WHAT THE TASK ASKS:
Would you set down the data that follows, word for word, without any pictures?

RECORDS:
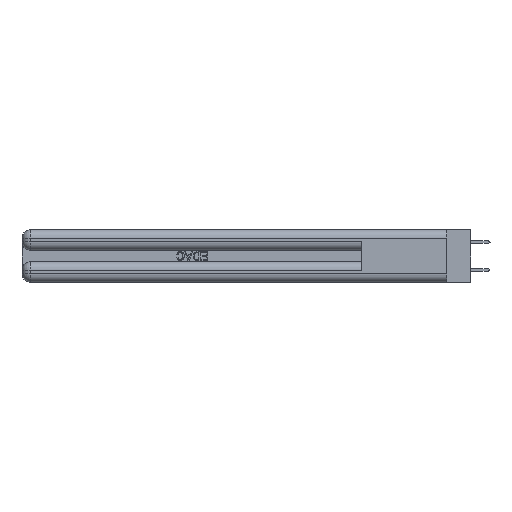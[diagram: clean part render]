
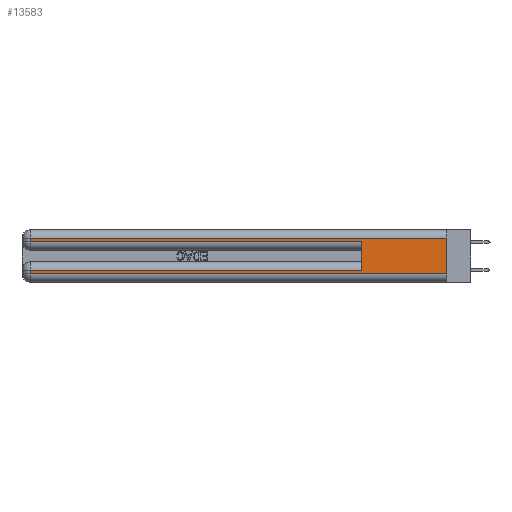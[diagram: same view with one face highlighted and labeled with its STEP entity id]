
A CAD part, left-side view. The second image highlights one B-rep face of the part: STEP entity #13583.
In plain terms, the highlighted planar face has unit normal (-1, 0, 0).
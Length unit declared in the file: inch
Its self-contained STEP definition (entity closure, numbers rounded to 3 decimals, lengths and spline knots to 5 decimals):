
#316 = CARTESIAN_POINT ( 'NONE',  ( 0., 0., 0.085 ) ) ;
#2412 = LINE ( 'NONE', #49247, #50572 ) ;
#2641 = VECTOR ( 'NONE', #30947, 39.37008 ) ;
#3488 = VERTEX_POINT ( 'NONE', #27879 ) ;
#5232 = EDGE_CURVE ( 'NONE', #35172, #36420, #42698, .T. ) ;
#5325 = VERTEX_POINT ( 'NONE', #40755 ) ;
#6184 = CARTESIAN_POINT ( 'NONE',  ( 0., 0., 0.37 ) ) ;
#6420 = DIRECTION ( 'NONE',  ( 0., -1., 0. ) ) ;
#6442 = FACE_OUTER_BOUND ( 'NONE', #14212, .T. ) ;
#7051 = CARTESIAN_POINT ( 'NONE',  ( 0., 2.94, 0.085 ) ) ;
#10301 = LINE ( 'NONE', #26097, #50592 ) ;
#10628 = DIRECTION ( 'NONE',  ( 0., 0., -1. ) ) ;
#13583 = ADVANCED_FACE ( 'NONE', ( #6442 ), #21492, .F. ) ;
#14212 = EDGE_LOOP ( 'NONE', ( #18071, #29446, #22750, #48485, #48491, #29451, #35238, #40908 ) ) ;
#15120 = LINE ( 'NONE', #23406, #2641 ) ;
#16144 = DIRECTION ( 'NONE',  ( 0., 1., 0. ) ) ;
#18071 = ORIENTED_EDGE ( 'NONE', *, *, #21264, .F. ) ;
#18087 = LINE ( 'NONE', #33705, #35675 ) ;
#18246 = DIRECTION ( 'NONE',  ( 0., 0., -1. ) ) ;
#19418 = VECTOR ( 'NONE', #50519, 39.37008 ) ;
#19909 = VERTEX_POINT ( 'NONE', #25736 ) ;
#21264 = EDGE_CURVE ( 'NONE', #5325, #41103, #2412, .T. ) ;
#21492 = PLANE ( 'NONE',  #40968 ) ;
#21755 = VECTOR ( 'NONE', #10628, 39.37008 ) ;
#22750 = ORIENTED_EDGE ( 'NONE', *, *, #32376, .T. ) ;
#23406 = CARTESIAN_POINT ( 'NONE',  ( 0., 0., 0.285 ) ) ;
#24654 = CARTESIAN_POINT ( 'NONE',  ( 0., 0.6, 0.085 ) ) ;
#25736 = CARTESIAN_POINT ( 'NONE',  ( 0., 2.94, 0.31 ) ) ;
#26097 = CARTESIAN_POINT ( 'NONE',  ( 0., 0., 0.06 ) ) ;
#26107 = DIRECTION ( 'NONE',  ( 0., 0., -1. ) ) ;
#26175 = CARTESIAN_POINT ( 'NONE',  ( 0., 2.94, 0.37 ) ) ;
#27861 = CARTESIAN_POINT ( 'NONE',  ( 0., 0., 0.06 ) ) ;
#27879 = CARTESIAN_POINT ( 'NONE',  ( 0., 2.94, 0.285 ) ) ;
#28080 = EDGE_CURVE ( 'NONE', #30242, #41103, #10301, .T. ) ;
#28736 = EDGE_CURVE ( 'NONE', #5325, #19909, #44048, .T. ) ;
#29306 = EDGE_CURVE ( 'NONE', #37885, #30242, #18087, .T. ) ;
#29446 = ORIENTED_EDGE ( 'NONE', *, *, #28736, .T. ) ;
#29451 = ORIENTED_EDGE ( 'NONE', *, *, #50521, .T. ) ;
#30064 = DIRECTION ( 'NONE',  ( 1., 0., 0. ) ) ;
#30242 = VERTEX_POINT ( 'NONE', #43006 ) ;
#30947 = DIRECTION ( 'NONE',  ( 0., -1., 0. ) ) ;
#32376 = EDGE_CURVE ( 'NONE', #19909, #3488, #45754, .T. ) ;
#33352 = EDGE_CURVE ( 'NONE', #3488, #36420, #15120, .T. ) ;
#33705 = CARTESIAN_POINT ( 'NONE',  ( 0., 2.94, 0.37 ) ) ;
#33717 = DIRECTION ( 'NONE',  ( 0., 0., -1. ) ) ;
#35172 = VERTEX_POINT ( 'NONE', #24654 ) ;
#35238 = ORIENTED_EDGE ( 'NONE', *, *, #29306, .T. ) ;
#35675 = VECTOR ( 'NONE', #26107, 39.37008 ) ;
#35676 = CARTESIAN_POINT ( 'NONE',  ( 0., 0.6, 0.285 ) ) ;
#35887 = LINE ( 'NONE', #316, #45027 ) ;
#36420 = VERTEX_POINT ( 'NONE', #35676 ) ;
#37885 = VERTEX_POINT ( 'NONE', #7051 ) ;
#38253 = CARTESIAN_POINT ( 'NONE',  ( 0., 0.6, 0.145 ) ) ;
#40367 = CARTESIAN_POINT ( 'NONE',  ( 0., 0., 0.31 ) ) ;
#40755 = CARTESIAN_POINT ( 'NONE',  ( 0., 0., 0.31 ) ) ;
#40908 = ORIENTED_EDGE ( 'NONE', *, *, #28080, .T. ) ;
#40968 = AXIS2_PLACEMENT_3D ( 'NONE', #6184, #30064, #33717 ) ;
#41103 = VERTEX_POINT ( 'NONE', #27861 ) ;
#42698 = LINE ( 'NONE', #38253, #19418 ) ;
#43006 = CARTESIAN_POINT ( 'NONE',  ( 0., 2.94, 0.06 ) ) ;
#44048 = LINE ( 'NONE', #40367, #44802 ) ;
#44539 = DIRECTION ( 'NONE',  ( 0., 1., 0. ) ) ;
#44802 = VECTOR ( 'NONE', #44539, 39.37008 ) ;
#45027 = VECTOR ( 'NONE', #16144, 39.37008 ) ;
#45754 = LINE ( 'NONE', #26175, #21755 ) ;
#48485 = ORIENTED_EDGE ( 'NONE', *, *, #33352, .T. ) ;
#48491 = ORIENTED_EDGE ( 'NONE', *, *, #5232, .F. ) ;
#49247 = CARTESIAN_POINT ( 'NONE',  ( 0., 0., 0.37 ) ) ;
#50519 = DIRECTION ( 'NONE',  ( 0., 0., 1. ) ) ;
#50521 = EDGE_CURVE ( 'NONE', #35172, #37885, #35887, .T. ) ;
#50572 = VECTOR ( 'NONE', #18246, 39.37008 ) ;
#50592 = VECTOR ( 'NONE', #6420, 39.37008 ) ;

OUTPUT FOR THIS TASK:
[diagram: clean part render]
[diagram: same view with one face highlighted and labeled with its STEP entity id]
A CAD part, left-side view. The second image highlights one B-rep face of the part: STEP entity #13583.
In plain terms, the highlighted planar face has unit normal (-1, 0, 0).
Length unit declared in the file: inch
Its self-contained STEP definition (entity closure, numbers rounded to 3 decimals, lengths and spline knots to 5 decimals):
#316 = CARTESIAN_POINT ( 'NONE',  ( 0., 0., 0.085 ) ) ;
#2412 = LINE ( 'NONE', #49247, #50572 ) ;
#2641 = VECTOR ( 'NONE', #30947, 39.37008 ) ;
#3488 = VERTEX_POINT ( 'NONE', #27879 ) ;
#5232 = EDGE_CURVE ( 'NONE', #35172, #36420, #42698, .T. ) ;
#5325 = VERTEX_POINT ( 'NONE', #40755 ) ;
#6184 = CARTESIAN_POINT ( 'NONE',  ( 0., 0., 0.37 ) ) ;
#6420 = DIRECTION ( 'NONE',  ( 0., -1., 0. ) ) ;
#6442 = FACE_OUTER_BOUND ( 'NONE', #14212, .T. ) ;
#7051 = CARTESIAN_POINT ( 'NONE',  ( 0., 2.94, 0.085 ) ) ;
#10301 = LINE ( 'NONE', #26097, #50592 ) ;
#10628 = DIRECTION ( 'NONE',  ( 0., 0., -1. ) ) ;
#13583 = ADVANCED_FACE ( 'NONE', ( #6442 ), #21492, .F. ) ;
#14212 = EDGE_LOOP ( 'NONE', ( #18071, #29446, #22750, #48485, #48491, #29451, #35238, #40908 ) ) ;
#15120 = LINE ( 'NONE', #23406, #2641 ) ;
#16144 = DIRECTION ( 'NONE',  ( 0., 1., 0. ) ) ;
#18071 = ORIENTED_EDGE ( 'NONE', *, *, #21264, .F. ) ;
#18087 = LINE ( 'NONE', #33705, #35675 ) ;
#18246 = DIRECTION ( 'NONE',  ( 0., 0., -1. ) ) ;
#19418 = VECTOR ( 'NONE', #50519, 39.37008 ) ;
#19909 = VERTEX_POINT ( 'NONE', #25736 ) ;
#21264 = EDGE_CURVE ( 'NONE', #5325, #41103, #2412, .T. ) ;
#21492 = PLANE ( 'NONE',  #40968 ) ;
#21755 = VECTOR ( 'NONE', #10628, 39.37008 ) ;
#22750 = ORIENTED_EDGE ( 'NONE', *, *, #32376, .T. ) ;
#23406 = CARTESIAN_POINT ( 'NONE',  ( 0., 0., 0.285 ) ) ;
#24654 = CARTESIAN_POINT ( 'NONE',  ( 0., 0.6, 0.085 ) ) ;
#25736 = CARTESIAN_POINT ( 'NONE',  ( 0., 2.94, 0.31 ) ) ;
#26097 = CARTESIAN_POINT ( 'NONE',  ( 0., 0., 0.06 ) ) ;
#26107 = DIRECTION ( 'NONE',  ( 0., 0., -1. ) ) ;
#26175 = CARTESIAN_POINT ( 'NONE',  ( 0., 2.94, 0.37 ) ) ;
#27861 = CARTESIAN_POINT ( 'NONE',  ( 0., 0., 0.06 ) ) ;
#27879 = CARTESIAN_POINT ( 'NONE',  ( 0., 2.94, 0.285 ) ) ;
#28080 = EDGE_CURVE ( 'NONE', #30242, #41103, #10301, .T. ) ;
#28736 = EDGE_CURVE ( 'NONE', #5325, #19909, #44048, .T. ) ;
#29306 = EDGE_CURVE ( 'NONE', #37885, #30242, #18087, .T. ) ;
#29446 = ORIENTED_EDGE ( 'NONE', *, *, #28736, .T. ) ;
#29451 = ORIENTED_EDGE ( 'NONE', *, *, #50521, .T. ) ;
#30064 = DIRECTION ( 'NONE',  ( 1., 0., 0. ) ) ;
#30242 = VERTEX_POINT ( 'NONE', #43006 ) ;
#30947 = DIRECTION ( 'NONE',  ( 0., -1., 0. ) ) ;
#32376 = EDGE_CURVE ( 'NONE', #19909, #3488, #45754, .T. ) ;
#33352 = EDGE_CURVE ( 'NONE', #3488, #36420, #15120, .T. ) ;
#33705 = CARTESIAN_POINT ( 'NONE',  ( 0., 2.94, 0.37 ) ) ;
#33717 = DIRECTION ( 'NONE',  ( 0., 0., -1. ) ) ;
#35172 = VERTEX_POINT ( 'NONE', #24654 ) ;
#35238 = ORIENTED_EDGE ( 'NONE', *, *, #29306, .T. ) ;
#35675 = VECTOR ( 'NONE', #26107, 39.37008 ) ;
#35676 = CARTESIAN_POINT ( 'NONE',  ( 0., 0.6, 0.285 ) ) ;
#35887 = LINE ( 'NONE', #316, #45027 ) ;
#36420 = VERTEX_POINT ( 'NONE', #35676 ) ;
#37885 = VERTEX_POINT ( 'NONE', #7051 ) ;
#38253 = CARTESIAN_POINT ( 'NONE',  ( 0., 0.6, 0.145 ) ) ;
#40367 = CARTESIAN_POINT ( 'NONE',  ( 0., 0., 0.31 ) ) ;
#40755 = CARTESIAN_POINT ( 'NONE',  ( 0., 0., 0.31 ) ) ;
#40908 = ORIENTED_EDGE ( 'NONE', *, *, #28080, .T. ) ;
#40968 = AXIS2_PLACEMENT_3D ( 'NONE', #6184, #30064, #33717 ) ;
#41103 = VERTEX_POINT ( 'NONE', #27861 ) ;
#42698 = LINE ( 'NONE', #38253, #19418 ) ;
#43006 = CARTESIAN_POINT ( 'NONE',  ( 0., 2.94, 0.06 ) ) ;
#44048 = LINE ( 'NONE', #40367, #44802 ) ;
#44539 = DIRECTION ( 'NONE',  ( 0., 1., 0. ) ) ;
#44802 = VECTOR ( 'NONE', #44539, 39.37008 ) ;
#45027 = VECTOR ( 'NONE', #16144, 39.37008 ) ;
#45754 = LINE ( 'NONE', #26175, #21755 ) ;
#48485 = ORIENTED_EDGE ( 'NONE', *, *, #33352, .T. ) ;
#48491 = ORIENTED_EDGE ( 'NONE', *, *, #5232, .F. ) ;
#49247 = CARTESIAN_POINT ( 'NONE',  ( 0., 0., 0.37 ) ) ;
#50519 = DIRECTION ( 'NONE',  ( 0., 0., 1. ) ) ;
#50521 = EDGE_CURVE ( 'NONE', #35172, #37885, #35887, .T. ) ;
#50572 = VECTOR ( 'NONE', #18246, 39.37008 ) ;
#50592 = VECTOR ( 'NONE', #6420, 39.37008 ) ;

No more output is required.